Department of Pharmaceutics, St. John Institute of Pharmacy and Research, Palghar, Maharashtra, 401404, India.
Department of Pharmaceutical Technology, Faculty of Pharmacy, Universiti Malaya, 50603, Kuala Lumpur, Malaysia.
Comput Biol Med. 2024 Aug;178:108702. doi: 10.1016/j.compbiomed.2024.108702. Epub 2024 Jun 7.

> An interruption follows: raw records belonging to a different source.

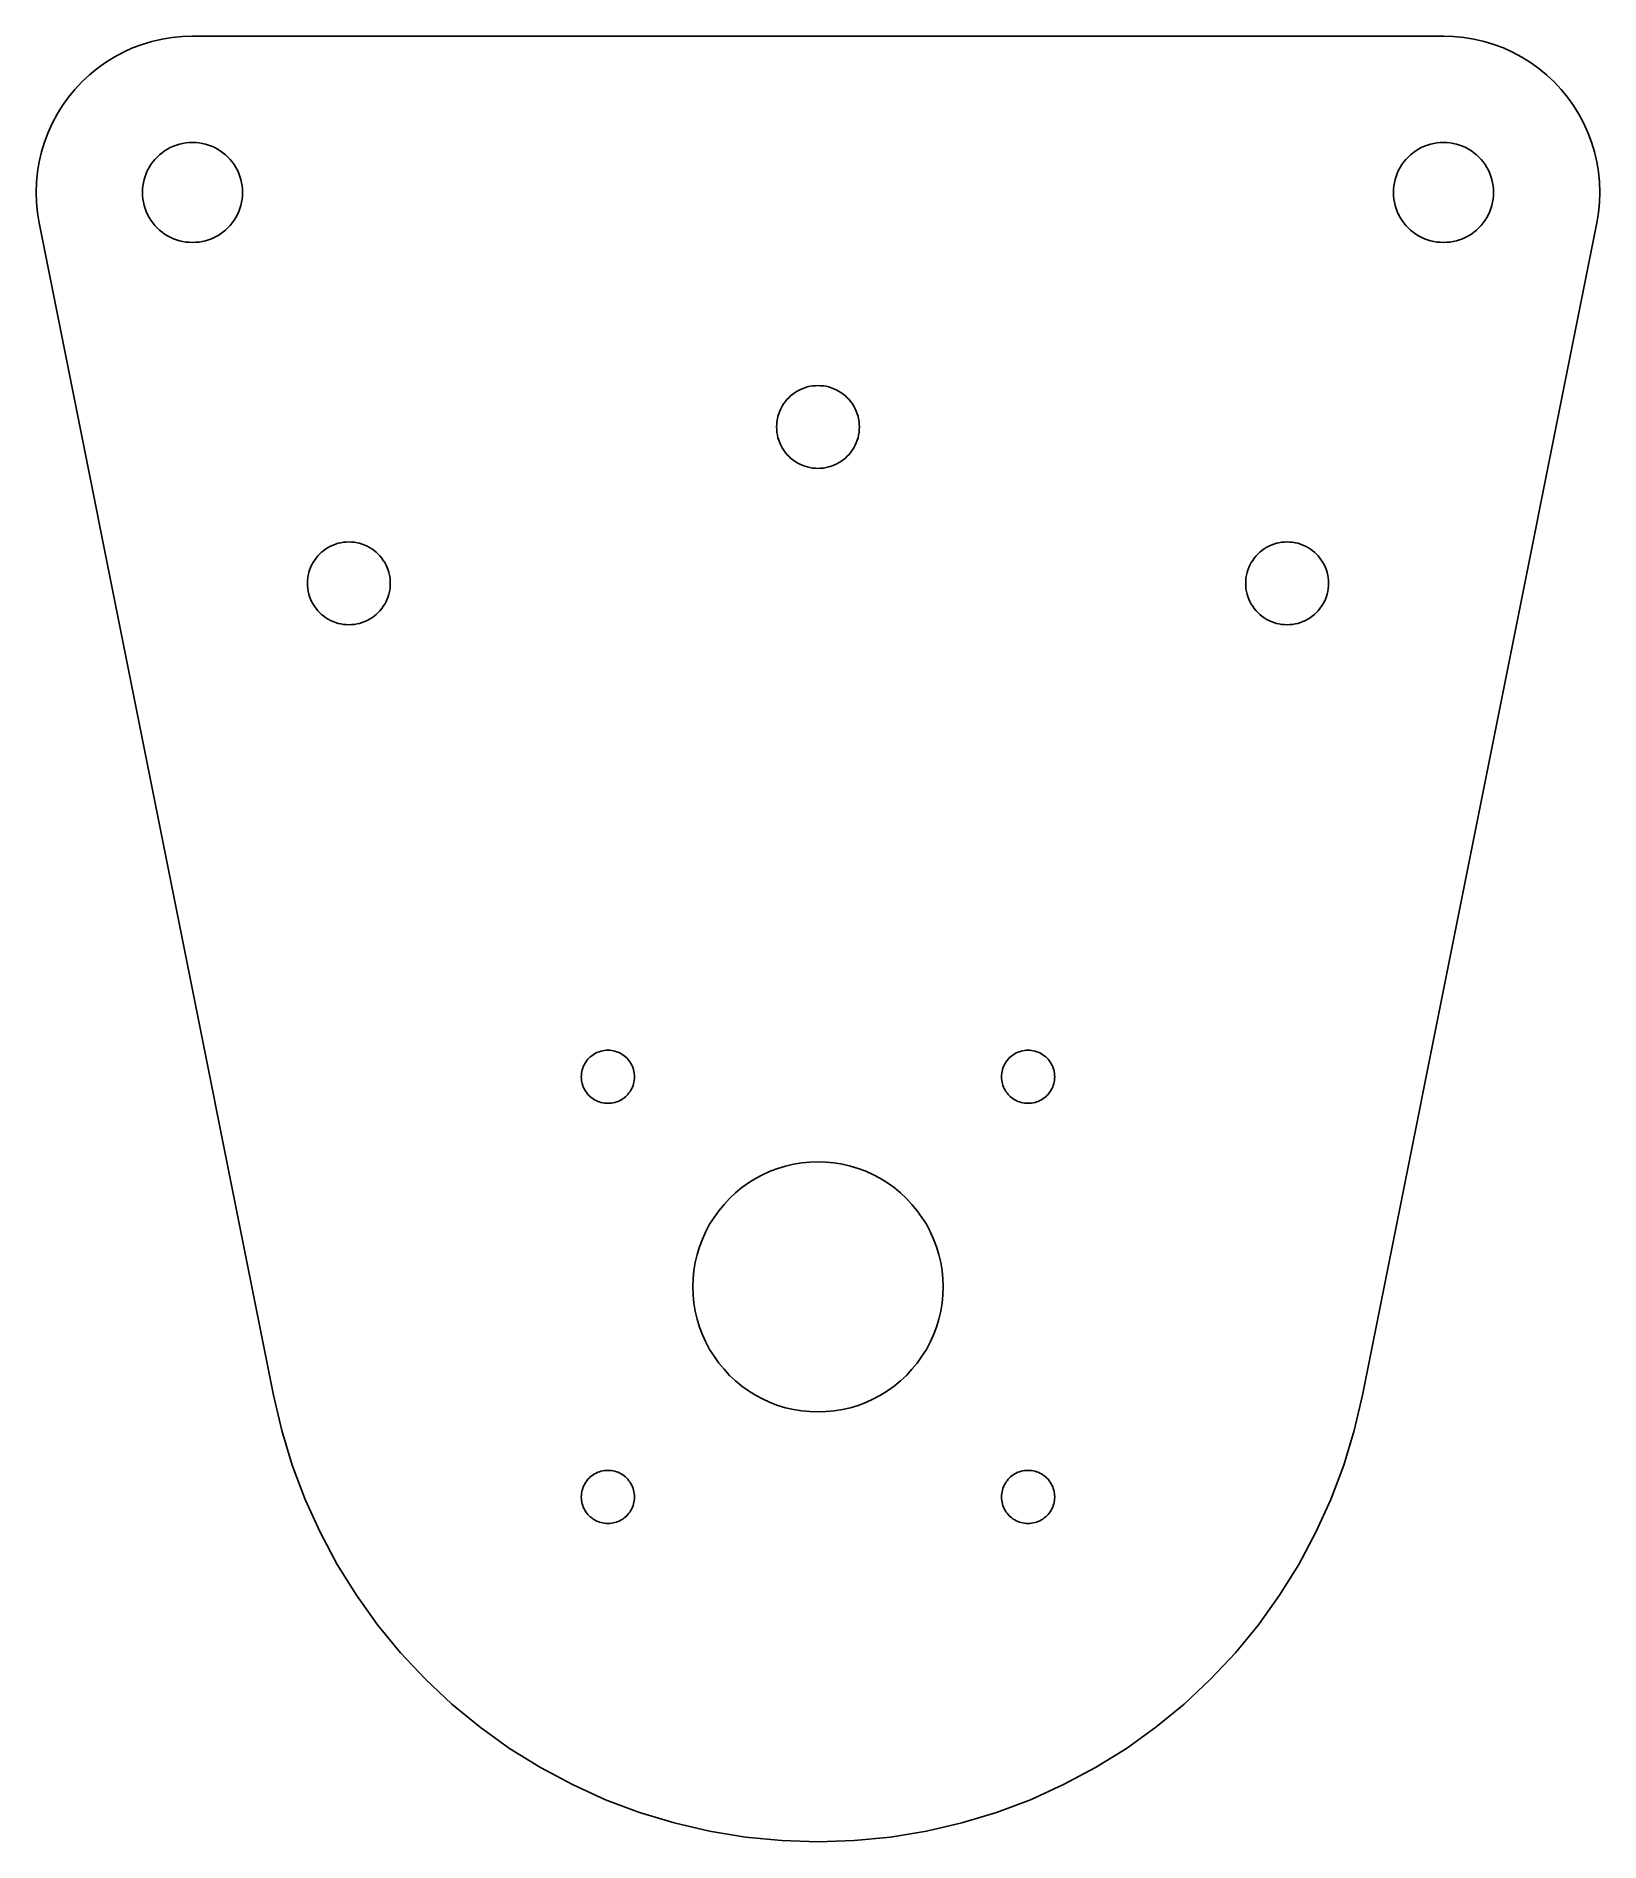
# Model space of a CAD drawing. Header units: metres. Extents: x -50 to 50, y -36 to 80.
import ezdxf

# ---------------------------------------------------------------- set-up
doc = ezdxf.new("R2010")
doc.units = ezdxf.units.M
doc.layers.add('CUT', color=7, linetype='Continuous')

msp = doc.modelspace()

# ---------------------------------------------------------------- linework, layer by layer
at = {"layer": 'CUT'}
for points in [[(-15.7, -31.84), (-17.75, -30.74), (-19.72, -29.52), (-21.61, -28.16), (-23.41, -26.69), (-25.1, -25.1), (-26.69, -23.41), (-28.16, -21.61), (-29.52, -19.72), (-30.74, -17.75), (-31.84, -15.7), (-32.8, -13.59), (-33.62, -11.41), (-34.29, -9.19), (-34.82, -6.93), (-49.81, 68.05), (-49.91, 68.69), (-49.98, 69.35), (-50, 70), (-49.98, 70.65), (-49.91, 71.31), (-49.81, 71.95), (-49.66, 72.59), (-49.47, 73.21), (-49.24, 73.83), (-48.97, 74.42), (-48.66, 75), (-48.31, 75.56), (-47.93, 76.09), (-47.52, 76.59), (-47.07, 77.07), (-46.59, 77.52), (-46.09, 77.93), (-45.56, 78.31), (-45, 78.66), (-44.42, 78.97), (-43.83, 79.24), (-43.21, 79.47), (-42.59, 79.66), (-41.95, 79.81), (-41.31, 79.91), (-40.65, 79.98), (-40, 80), (40, 80), (40.65, 79.98), (41.31, 79.91), (41.95, 79.81), (42.59, 79.66), (43.21, 79.47), (43.83, 79.24), (44.42, 78.97), (45, 78.66), (45.56, 78.31), (46.09, 77.93), (46.59, 77.52), (47.07, 77.07), (47.52, 76.59), (47.93, 76.09), (48.31, 75.56), (48.66, 75), (48.97, 74.42), (49.24, 73.83), (49.47, 73.21), (49.66, 72.59), (49.81, 71.95), (49.91, 71.31), (49.98, 70.65), (50, 70), (49.98, 69.35), (49.91, 68.69), (49.81, 68.05), (34.82, -6.93), (34.29, -9.19), (33.62, -11.41), (32.8, -13.59), (31.84, -15.7), (30.74, -17.75), (29.52, -19.72), (28.16, -21.61), (26.69, -23.41), (25.1, -25.1), (23.41, -26.69), (21.61, -28.16), (19.72, -29.52), (17.75, -30.74), (15.7, -31.84), (13.59, -32.8), (11.41, -33.62), (9.19, -34.29), (6.93, -34.82), (4.63, -35.2), (2.32, -35.42), (0, -35.5), (-2.32, -35.42), (-4.63, -35.2), (-6.93, -34.82), (-9.19, -34.29), (-11.41, -33.62), (-13.59, -32.8), (-15.7, -31.84)], [(-36.83, 70.42), (-36.86, 70.62), (-36.91, 70.83), (-36.97, 71.03), (-37.04, 71.22), (-37.13, 71.42), (-37.23, 71.6), (-37.34, 71.78), (-37.46, 71.95), (-37.59, 72.11), (-37.74, 72.26), (-37.89, 72.41), (-38.05, 72.54), (-38.22, 72.66), (-38.4, 72.77), (-38.58, 72.87), (-38.78, 72.96), (-38.97, 73.03), (-39.17, 73.09), (-39.38, 73.14), (-39.58, 73.17), (-39.79, 73.19), (-40, 73.2), (-40.21, 73.19), (-40.42, 73.17), (-40.62, 73.14), (-40.83, 73.09), (-41.03, 73.03), (-41.22, 72.96), (-41.42, 72.87), (-41.6, 72.77), (-41.78, 72.66), (-41.95, 72.54), (-42.11, 72.41), (-42.26, 72.26), (-42.41, 72.11), (-42.54, 71.95), (-42.66, 71.78), (-42.77, 71.6), (-42.87, 71.42), (-42.96, 71.22), (-43.03, 71.03), (-43.09, 70.83), (-43.14, 70.62), (-43.17, 70.42), (-43.19, 70.21), (-43.2, 70), (-43.19, 69.79), (-43.17, 69.58), (-43.14, 69.38), (-43.09, 69.17), (-43.03, 68.97), (-42.96, 68.78), (-42.87, 68.58), (-42.77, 68.4), (-42.66, 68.22), (-42.54, 68.05), (-42.41, 67.89), (-42.26, 67.74), (-42.11, 67.59), (-41.95, 67.46), (-41.78, 67.34), (-41.6, 67.23), (-41.42, 67.13), (-41.22, 67.04), (-41.03, 66.97), (-40.83, 66.91), (-40.62, 66.86), (-40.42, 66.83), (-40.21, 66.81), (-40, 66.8), (-39.79, 66.81), (-39.58, 66.83), (-39.38, 66.86), (-39.17, 66.91), (-38.97, 66.97), (-38.78, 67.04), (-38.58, 67.13), (-38.4, 67.23), (-38.22, 67.34), (-38.05, 67.46), (-37.89, 67.59), (-37.74, 67.74), (-37.59, 67.89), (-37.46, 68.05), (-37.34, 68.22), (-37.23, 68.4), (-37.13, 68.58), (-37.04, 68.78), (-36.97, 68.97), (-36.91, 69.17), (-36.86, 69.38), (-36.83, 69.58), (-36.81, 69.79), (-36.8, 70), (-36.81, 70.21), (-36.83, 70.42)], [(43.19, 70.21), (43.17, 70.42), (43.14, 70.62), (43.09, 70.83), (43.03, 71.03), (42.96, 71.22), (42.87, 71.42), (42.77, 71.6), (42.66, 71.78), (42.54, 71.95), (42.41, 72.11), (42.26, 72.26), (42.11, 72.41), (41.95, 72.54), (41.78, 72.66), (41.6, 72.77), (41.42, 72.87), (41.22, 72.96), (41.03, 73.03), (40.83, 73.09), (40.62, 73.14), (40.42, 73.17), (40.21, 73.19), (40, 73.2), (39.79, 73.19), (39.58, 73.17), (39.38, 73.14), (39.17, 73.09), (38.97, 73.03), (38.78, 72.96), (38.58, 72.87), (38.4, 72.77), (38.22, 72.66), (38.05, 72.54), (37.89, 72.41), (37.74, 72.26), (37.59, 72.11), (37.46, 71.95), (37.34, 71.78), (37.23, 71.6), (37.13, 71.42), (37.04, 71.22), (36.97, 71.03), (36.91, 70.83), (36.86, 70.62), (36.83, 70.42), (36.81, 70.21), (36.8, 70), (36.81, 69.79), (36.83, 69.58), (36.86, 69.38), (36.91, 69.17), (36.97, 68.97), (37.04, 68.78), (37.13, 68.58), (37.23, 68.4), (37.34, 68.22), (37.46, 68.05), (37.59, 67.89), (37.74, 67.74), (37.89, 67.59), (38.05, 67.46), (38.22, 67.34), (38.4, 67.23), (38.58, 67.13), (38.78, 67.04), (38.97, 66.97), (39.17, 66.91), (39.38, 66.86), (39.58, 66.83), (39.79, 66.81), (40, 66.8), (40.21, 66.81), (40.42, 66.83), (40.62, 66.86), (40.83, 66.91), (41.03, 66.97), (41.22, 67.04), (41.42, 67.13), (41.6, 67.23), (41.78, 67.34), (41.95, 67.46), (42.11, 67.59), (42.26, 67.74), (42.41, 67.89), (42.54, 68.05), (42.66, 68.22), (42.77, 68.4), (42.87, 68.58), (42.96, 68.78), (43.03, 68.97), (43.09, 69.17), (43.14, 69.38), (43.17, 69.58), (43.19, 69.79), (43.2, 70), (43.19, 70.21)], [(2.56, 55.69), (2.51, 55.85), (2.45, 56.01), (2.38, 56.17), (2.29, 56.33), (2.2, 56.47), (2.1, 56.61), (1.99, 56.75), (1.87, 56.87), (1.75, 56.99), (1.61, 57.1), (1.47, 57.2), (1.32, 57.29), (1.17, 57.38), (1.01, 57.45), (0.85, 57.51), (0.69, 57.56), (0.52, 57.6), (0.35, 57.63), (0.17, 57.64), (0, 57.65), (-0.17, 57.64), (-0.35, 57.63), (-0.52, 57.6), (-0.69, 57.56), (-0.85, 57.51), (-1.01, 57.45), (-1.17, 57.38), (-1.33, 57.29), (-1.47, 57.2), (-1.61, 57.1), (-1.75, 56.99), (-1.87, 56.87), (-1.99, 56.75), (-2.1, 56.61), (-2.2, 56.47), (-2.29, 56.33), (-2.38, 56.17), (-2.45, 56.01), (-2.51, 55.85), (-2.56, 55.69), (-2.6, 55.52), (-2.63, 55.35), (-2.64, 55.17), (-2.65, 55), (-2.64, 54.83), (-2.63, 54.65), (-2.6, 54.48), (-2.56, 54.31), (-2.51, 54.15), (-2.45, 53.99), (-2.38, 53.83), (-2.29, 53.67), (-2.2, 53.53), (-2.1, 53.39), (-1.99, 53.25), (-1.87, 53.13), (-1.75, 53.01), (-1.61, 52.9), (-1.47, 52.8), (-1.33, 52.71), (-1.17, 52.62), (-1.01, 52.55), (-0.85, 52.49), (-0.69, 52.44), (-0.52, 52.4), (-0.35, 52.37), (-0.17, 52.36), (0, 52.35), (0.17, 52.36), (0.35, 52.37), (0.52, 52.4), (0.69, 52.44), (0.85, 52.49), (1.01, 52.55), (1.17, 52.62), (1.32, 52.71), (1.47, 52.8), (1.61, 52.9), (1.75, 53.01), (1.87, 53.13), (1.99, 53.25), (2.1, 53.39), (2.2, 53.53), (2.29, 53.67), (2.38, 53.83), (2.45, 53.99), (2.51, 54.15), (2.56, 54.31), (2.6, 54.48), (2.63, 54.65), (2.64, 54.83), (2.65, 55), (2.64, 55.17), (2.63, 55.35), (2.6, 55.52), (2.56, 55.69)], [(-27.49, 45.85), (-27.55, 46.01), (-27.62, 46.17), (-27.71, 46.33), (-27.8, 46.47), (-27.9, 46.61), (-28.01, 46.75), (-28.13, 46.87), (-28.25, 46.99), (-28.39, 47.1), (-28.53, 47.2), (-28.68, 47.29), (-28.83, 47.38), (-28.99, 47.45), (-29.15, 47.51), (-29.31, 47.56), (-29.48, 47.6), (-29.65, 47.63), (-29.83, 47.64), (-30, 47.65), (-30.17, 47.64), (-30.35, 47.63), (-30.52, 47.6), (-30.69, 47.56), (-30.85, 47.51), (-31.01, 47.45), (-31.17, 47.38), (-31.33, 47.29), (-31.47, 47.2), (-31.61, 47.1), (-31.75, 46.99), (-31.87, 46.87), (-31.99, 46.75), (-32.1, 46.61), (-32.2, 46.47), (-32.29, 46.33), (-32.38, 46.17), (-32.45, 46.01), (-32.51, 45.85), (-32.56, 45.69), (-32.6, 45.52), (-32.63, 45.35), (-32.64, 45.17), (-32.65, 45), (-32.64, 44.83), (-32.63, 44.65), (-32.6, 44.48), (-32.56, 44.31), (-32.51, 44.15), (-32.45, 43.99), (-32.38, 43.83), (-32.29, 43.67), (-32.2, 43.53), (-32.1, 43.39), (-31.99, 43.25), (-31.87, 43.13), (-31.75, 43.01), (-31.61, 42.9), (-31.47, 42.8), (-31.33, 42.71), (-31.17, 42.62), (-31.01, 42.55), (-30.85, 42.49), (-30.69, 42.44), (-30.52, 42.4), (-30.35, 42.37), (-30.17, 42.36), (-30, 42.35), (-29.83, 42.36), (-29.65, 42.37), (-29.48, 42.4), (-29.31, 42.44), (-29.15, 42.49), (-28.99, 42.55), (-28.83, 42.62), (-28.68, 42.71), (-28.53, 42.8), (-28.39, 42.9), (-28.25, 43.01), (-28.13, 43.13), (-28.01, 43.25), (-27.9, 43.39), (-27.8, 43.53), (-27.71, 43.67), (-27.62, 43.83), (-27.55, 43.99), (-27.49, 44.15), (-27.44, 44.31), (-27.4, 44.48), (-27.37, 44.65), (-27.36, 44.83), (-27.35, 45), (-27.36, 45.17), (-27.37, 45.35), (-27.4, 45.52), (-27.44, 45.69), (-27.49, 45.85)], [(32.6, 45.52), (32.56, 45.69), (32.51, 45.85), (32.45, 46.01), (32.38, 46.17), (32.29, 46.33), (32.2, 46.47), (32.1, 46.61), (31.99, 46.75), (31.87, 46.87), (31.75, 46.99), (31.61, 47.1), (31.47, 47.2), (31.32, 47.29), (31.17, 47.38), (31.01, 47.45), (30.85, 47.51), (30.69, 47.56), (30.52, 47.6), (30.35, 47.63), (30.17, 47.64), (30, 47.65), (29.83, 47.64), (29.65, 47.63), (29.48, 47.6), (29.31, 47.56), (29.15, 47.51), (28.99, 47.45), (28.83, 47.38), (28.67, 47.29), (28.53, 47.2), (28.39, 47.1), (28.25, 46.99), (28.13, 46.87), (28.01, 46.75), (27.9, 46.61), (27.8, 46.47), (27.71, 46.33), (27.62, 46.17), (27.55, 46.01), (27.49, 45.85), (27.44, 45.69), (27.4, 45.52), (27.37, 45.35), (27.36, 45.17), (27.35, 45), (27.36, 44.83), (27.37, 44.65), (27.4, 44.48), (27.44, 44.31), (27.49, 44.15), (27.55, 43.99), (27.62, 43.83), (27.71, 43.67), (27.8, 43.53), (27.9, 43.39), (28.01, 43.25), (28.13, 43.13), (28.25, 43.01), (28.39, 42.9), (28.53, 42.8), (28.67, 42.71), (28.83, 42.62), (28.99, 42.55), (29.15, 42.49), (29.31, 42.44), (29.48, 42.4), (29.65, 42.37), (29.83, 42.36), (30, 42.35), (30.17, 42.36), (30.35, 42.37), (30.52, 42.4), (30.69, 42.44), (30.85, 42.49), (31.01, 42.55), (31.17, 42.62), (31.32, 42.71), (31.47, 42.8), (31.61, 42.9), (31.75, 43.01), (31.87, 43.13), (31.99, 43.25), (32.1, 43.39), (32.2, 43.53), (32.29, 43.67), (32.38, 43.83), (32.45, 43.99), (32.51, 44.15), (32.56, 44.31), (32.6, 44.48), (32.63, 44.65), (32.64, 44.83), (32.65, 45), (32.64, 45.17), (32.63, 45.35), (32.6, 45.52)], [(-11.83, 13.98), (-11.86, 14.09), (-11.91, 14.19), (-11.96, 14.29), (-12.02, 14.38), (-12.09, 14.47), (-12.16, 14.56), (-12.23, 14.64), (-12.31, 14.71), (-12.4, 14.78), (-12.49, 14.85), (-12.59, 14.91), (-12.68, 14.96), (-12.78, 15.01), (-12.89, 15.04), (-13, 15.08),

Artificial intelligence (AI) has emerged as a powerful tool to revolutionize the healthcare sector, including drug delivery and development. This review explores the current and future applications of AI in the pharmaceutical industry, focusing on drug delivery and development. It covers various aspects such as smart drug delivery networks, sensors, drug repurposing, statistical modeling, and simulation of biotechnological and biological systems. The integration of AI with nanotechnologies and nanomedicines is also examined. AI offers significant advancements in drug discovery by efficiently identifying compounds, validating drug targets, streamlining drug structures, and prioritizing response templates. Techniques like data mining, multitask learning, and high-throughput screening contribute to better drug discovery and development innovations. The review discusses AI applications in drug formulation and delivery, clinical trials, drug safety, and pharmacovigilance. It addresses regulatory considerations and challenges associated with AI in pharmaceuticals, including privacy, data security, and interpretability of AI models. The review concludes with future perspectives, highlighting emerging trends, addressing limitations and biases in AI models, and emphasizing the importance of collaboration and knowledge sharing. It provides a comprehensive overview of AI's potential to transform the pharmaceutical industry and improve patient care while identifying further research and development areas.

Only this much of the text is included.